*** Opening MATERIAL FOR THIS EXERCISE ***

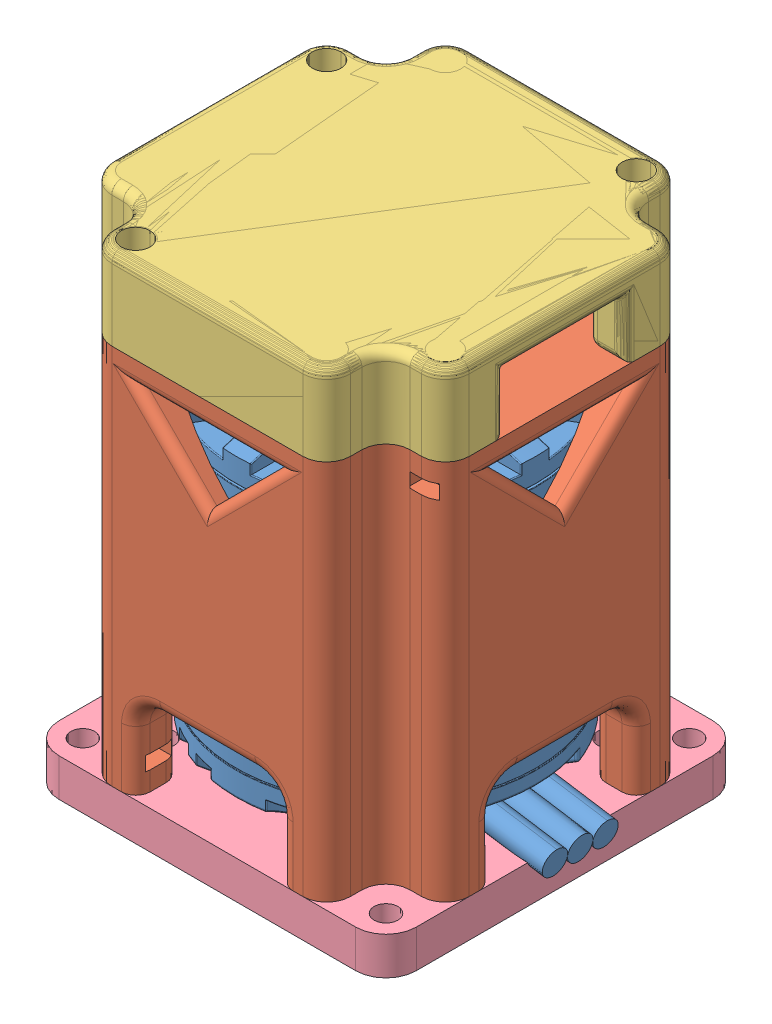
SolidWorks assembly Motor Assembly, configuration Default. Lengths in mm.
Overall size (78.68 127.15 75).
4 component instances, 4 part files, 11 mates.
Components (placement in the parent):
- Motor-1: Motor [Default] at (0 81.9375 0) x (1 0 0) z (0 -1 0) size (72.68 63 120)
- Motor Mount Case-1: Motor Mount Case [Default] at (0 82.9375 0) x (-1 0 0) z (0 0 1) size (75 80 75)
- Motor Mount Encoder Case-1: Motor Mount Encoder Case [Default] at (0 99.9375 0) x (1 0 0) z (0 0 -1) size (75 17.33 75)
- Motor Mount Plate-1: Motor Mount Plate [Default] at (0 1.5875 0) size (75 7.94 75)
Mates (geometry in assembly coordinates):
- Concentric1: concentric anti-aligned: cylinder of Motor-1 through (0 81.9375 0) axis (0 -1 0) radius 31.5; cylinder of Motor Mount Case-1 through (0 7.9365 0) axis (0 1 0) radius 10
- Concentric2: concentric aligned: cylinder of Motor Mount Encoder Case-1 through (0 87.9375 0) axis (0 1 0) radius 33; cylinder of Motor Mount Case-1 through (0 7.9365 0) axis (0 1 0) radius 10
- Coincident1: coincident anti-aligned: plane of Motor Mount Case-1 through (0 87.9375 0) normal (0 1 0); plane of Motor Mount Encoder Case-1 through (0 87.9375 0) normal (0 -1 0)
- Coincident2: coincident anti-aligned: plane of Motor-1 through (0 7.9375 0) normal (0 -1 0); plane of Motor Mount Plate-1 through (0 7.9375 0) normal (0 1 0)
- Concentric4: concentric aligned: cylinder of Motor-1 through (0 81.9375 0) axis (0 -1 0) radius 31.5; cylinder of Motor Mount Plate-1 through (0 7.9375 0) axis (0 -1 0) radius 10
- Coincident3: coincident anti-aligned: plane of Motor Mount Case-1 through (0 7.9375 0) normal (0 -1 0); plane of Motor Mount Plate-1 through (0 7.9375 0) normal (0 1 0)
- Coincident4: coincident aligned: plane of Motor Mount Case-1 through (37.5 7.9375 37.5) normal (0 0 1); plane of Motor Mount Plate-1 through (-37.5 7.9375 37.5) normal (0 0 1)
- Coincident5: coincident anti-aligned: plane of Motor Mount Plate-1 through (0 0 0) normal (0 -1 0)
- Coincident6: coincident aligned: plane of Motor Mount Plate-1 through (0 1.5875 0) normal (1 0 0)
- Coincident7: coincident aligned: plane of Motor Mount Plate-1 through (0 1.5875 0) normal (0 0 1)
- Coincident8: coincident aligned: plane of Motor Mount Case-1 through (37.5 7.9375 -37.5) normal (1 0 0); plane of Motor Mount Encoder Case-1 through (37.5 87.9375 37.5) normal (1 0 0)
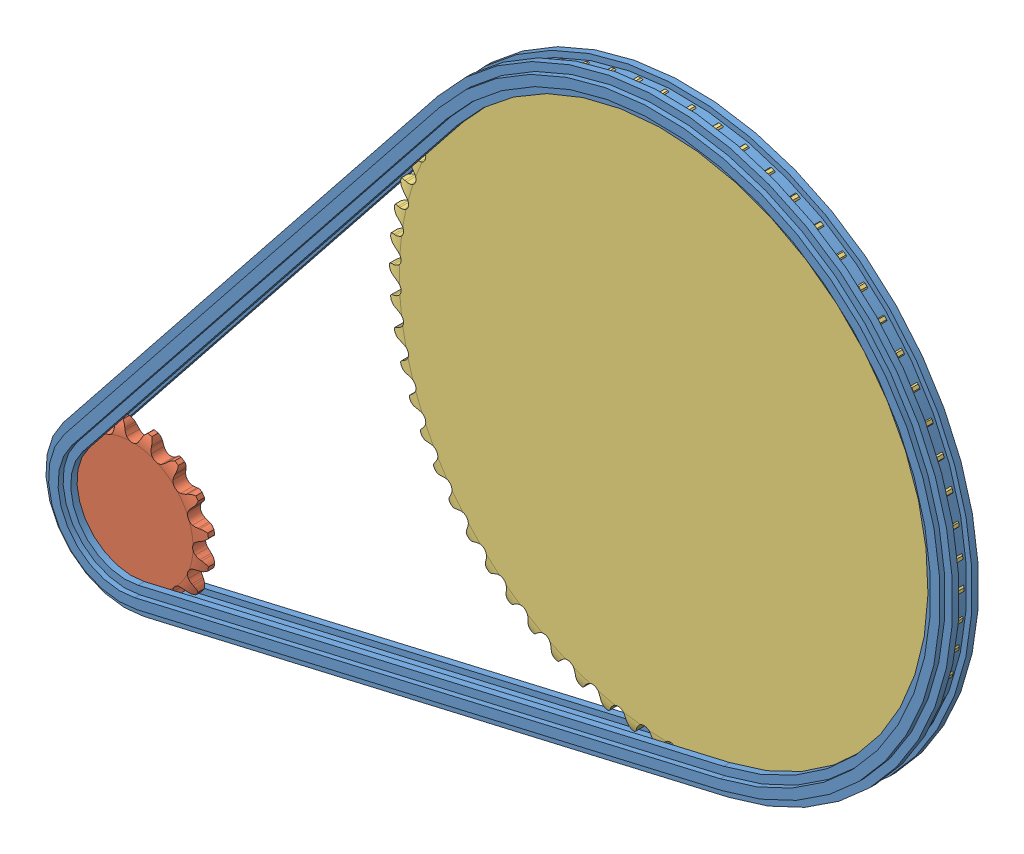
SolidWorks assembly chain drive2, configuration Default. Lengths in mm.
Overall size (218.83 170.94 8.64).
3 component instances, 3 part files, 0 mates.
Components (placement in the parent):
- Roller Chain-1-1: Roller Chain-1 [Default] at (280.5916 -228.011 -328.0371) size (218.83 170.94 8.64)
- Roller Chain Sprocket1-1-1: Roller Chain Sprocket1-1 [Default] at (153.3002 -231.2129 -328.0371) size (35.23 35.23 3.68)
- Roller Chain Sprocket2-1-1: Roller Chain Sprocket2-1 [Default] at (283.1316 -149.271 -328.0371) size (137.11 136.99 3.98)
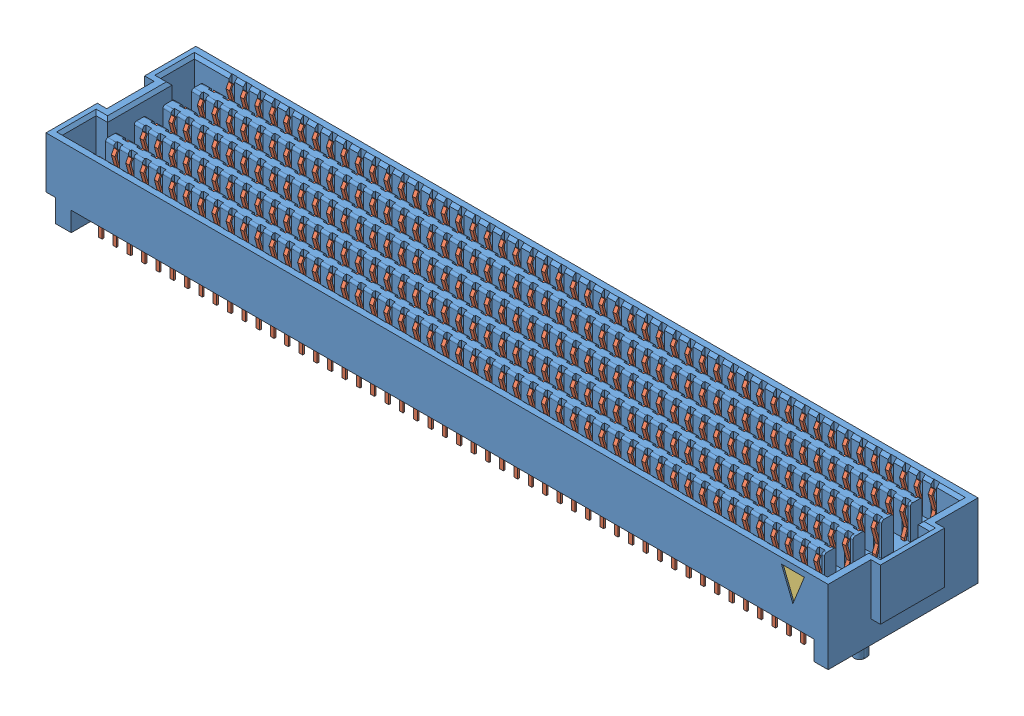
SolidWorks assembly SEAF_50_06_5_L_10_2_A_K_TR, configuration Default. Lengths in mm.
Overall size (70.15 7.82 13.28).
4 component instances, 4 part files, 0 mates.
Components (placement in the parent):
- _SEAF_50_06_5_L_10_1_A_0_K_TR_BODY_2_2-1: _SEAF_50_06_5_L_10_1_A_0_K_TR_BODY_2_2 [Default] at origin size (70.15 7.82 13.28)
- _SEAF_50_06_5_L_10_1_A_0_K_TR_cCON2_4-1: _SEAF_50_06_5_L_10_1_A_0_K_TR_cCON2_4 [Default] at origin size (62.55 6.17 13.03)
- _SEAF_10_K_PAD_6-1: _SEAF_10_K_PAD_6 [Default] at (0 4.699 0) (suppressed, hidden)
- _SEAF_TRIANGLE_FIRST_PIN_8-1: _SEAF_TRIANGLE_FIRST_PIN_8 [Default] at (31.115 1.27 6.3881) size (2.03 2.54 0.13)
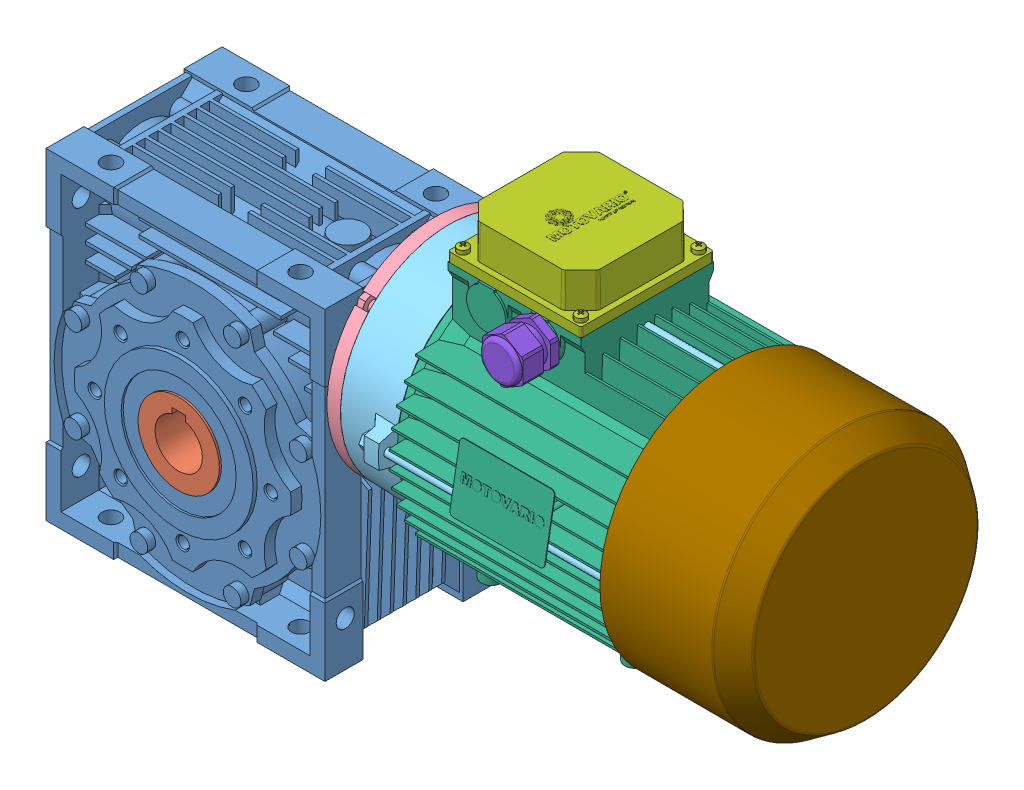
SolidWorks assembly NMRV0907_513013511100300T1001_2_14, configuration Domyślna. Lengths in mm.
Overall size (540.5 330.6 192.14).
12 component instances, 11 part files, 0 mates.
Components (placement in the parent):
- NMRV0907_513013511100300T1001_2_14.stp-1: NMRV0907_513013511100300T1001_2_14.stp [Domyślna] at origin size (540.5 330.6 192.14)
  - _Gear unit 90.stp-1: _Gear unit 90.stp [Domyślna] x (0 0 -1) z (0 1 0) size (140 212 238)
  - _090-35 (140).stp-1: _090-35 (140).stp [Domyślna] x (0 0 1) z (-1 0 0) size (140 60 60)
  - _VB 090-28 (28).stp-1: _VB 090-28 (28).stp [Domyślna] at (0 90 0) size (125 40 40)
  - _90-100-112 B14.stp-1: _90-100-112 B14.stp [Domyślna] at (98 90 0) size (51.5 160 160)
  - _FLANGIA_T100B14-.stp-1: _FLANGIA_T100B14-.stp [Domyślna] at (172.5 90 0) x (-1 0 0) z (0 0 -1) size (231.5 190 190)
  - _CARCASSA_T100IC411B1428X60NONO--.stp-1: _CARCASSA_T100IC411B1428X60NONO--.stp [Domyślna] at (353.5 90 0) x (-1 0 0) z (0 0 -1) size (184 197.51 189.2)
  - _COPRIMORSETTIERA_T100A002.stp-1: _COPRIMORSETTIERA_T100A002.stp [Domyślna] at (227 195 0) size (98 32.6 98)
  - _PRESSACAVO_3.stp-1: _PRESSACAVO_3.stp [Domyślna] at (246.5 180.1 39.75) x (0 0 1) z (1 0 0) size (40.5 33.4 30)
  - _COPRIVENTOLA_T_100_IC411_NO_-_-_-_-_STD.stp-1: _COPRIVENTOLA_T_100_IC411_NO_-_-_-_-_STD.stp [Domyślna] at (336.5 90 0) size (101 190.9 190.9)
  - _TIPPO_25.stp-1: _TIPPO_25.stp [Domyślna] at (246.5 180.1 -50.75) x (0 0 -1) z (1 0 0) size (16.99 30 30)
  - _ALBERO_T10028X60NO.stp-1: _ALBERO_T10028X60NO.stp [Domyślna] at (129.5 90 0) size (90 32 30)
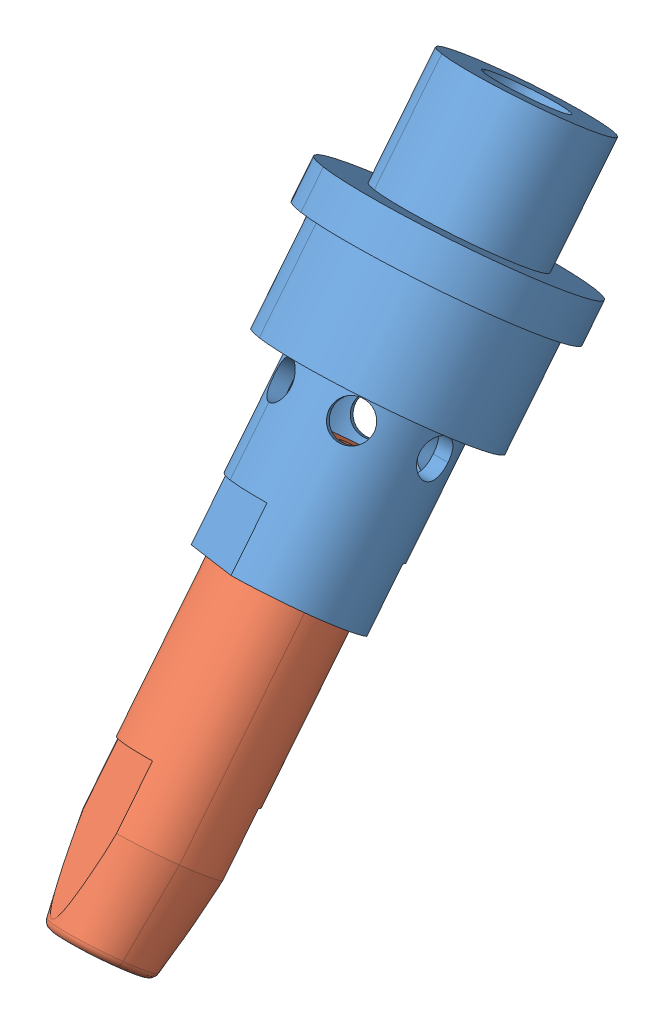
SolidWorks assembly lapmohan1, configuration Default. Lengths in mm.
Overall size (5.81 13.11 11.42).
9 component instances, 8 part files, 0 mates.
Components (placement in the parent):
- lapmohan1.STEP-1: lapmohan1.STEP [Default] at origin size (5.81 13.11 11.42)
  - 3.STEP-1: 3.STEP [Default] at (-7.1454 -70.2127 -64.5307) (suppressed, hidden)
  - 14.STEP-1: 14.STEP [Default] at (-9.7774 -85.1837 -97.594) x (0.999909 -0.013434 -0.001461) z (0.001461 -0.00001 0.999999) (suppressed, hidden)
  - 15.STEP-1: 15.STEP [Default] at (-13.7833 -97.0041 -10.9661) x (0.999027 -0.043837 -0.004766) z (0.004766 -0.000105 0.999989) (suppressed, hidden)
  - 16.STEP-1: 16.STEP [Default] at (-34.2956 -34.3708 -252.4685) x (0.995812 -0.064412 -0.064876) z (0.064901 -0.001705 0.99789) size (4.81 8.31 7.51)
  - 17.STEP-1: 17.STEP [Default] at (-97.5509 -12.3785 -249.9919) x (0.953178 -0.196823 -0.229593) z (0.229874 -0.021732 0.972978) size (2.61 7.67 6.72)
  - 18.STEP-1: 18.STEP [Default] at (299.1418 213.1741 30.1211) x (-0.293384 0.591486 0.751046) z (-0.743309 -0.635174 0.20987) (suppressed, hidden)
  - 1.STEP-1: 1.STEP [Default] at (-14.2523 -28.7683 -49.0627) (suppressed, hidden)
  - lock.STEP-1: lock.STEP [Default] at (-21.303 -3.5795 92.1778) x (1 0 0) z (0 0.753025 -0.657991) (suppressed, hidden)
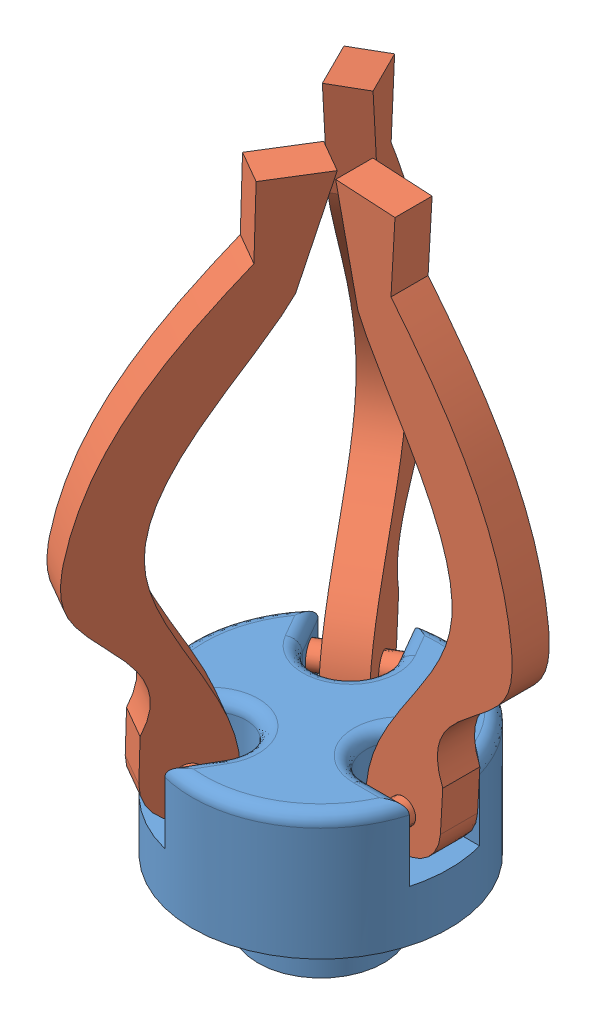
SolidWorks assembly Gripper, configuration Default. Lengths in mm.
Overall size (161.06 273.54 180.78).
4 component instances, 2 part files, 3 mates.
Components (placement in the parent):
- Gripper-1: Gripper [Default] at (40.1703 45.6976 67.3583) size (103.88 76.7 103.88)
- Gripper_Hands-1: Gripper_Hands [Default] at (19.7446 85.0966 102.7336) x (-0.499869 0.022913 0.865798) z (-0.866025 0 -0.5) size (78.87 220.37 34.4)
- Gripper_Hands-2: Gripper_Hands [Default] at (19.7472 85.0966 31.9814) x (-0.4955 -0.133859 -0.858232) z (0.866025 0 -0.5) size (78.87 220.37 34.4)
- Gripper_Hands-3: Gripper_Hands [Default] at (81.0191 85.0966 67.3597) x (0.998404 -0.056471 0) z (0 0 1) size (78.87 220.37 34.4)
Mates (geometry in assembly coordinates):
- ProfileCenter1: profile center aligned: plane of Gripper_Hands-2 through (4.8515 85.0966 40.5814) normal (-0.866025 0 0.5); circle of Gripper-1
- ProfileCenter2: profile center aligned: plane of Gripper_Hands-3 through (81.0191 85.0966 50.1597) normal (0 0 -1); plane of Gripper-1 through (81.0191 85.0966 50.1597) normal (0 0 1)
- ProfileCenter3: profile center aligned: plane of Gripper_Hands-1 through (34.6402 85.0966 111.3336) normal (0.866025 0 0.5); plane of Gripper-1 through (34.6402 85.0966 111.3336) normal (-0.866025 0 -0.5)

*** Closing MATERIAL FOR THIS EXERCISE ***

Only the lines that contain the string "files" are to be copied from the records.

4 component instances, 4 part files, 11 mates.
3 component instances, 3 part files, 0 mates.
4 component instances, 4 part files, 0 mates.
12 component instances, 11 part files, 0 mates.
9 component instances, 8 part files, 0 mates.
4 component instances, 2 part files, 3 mates.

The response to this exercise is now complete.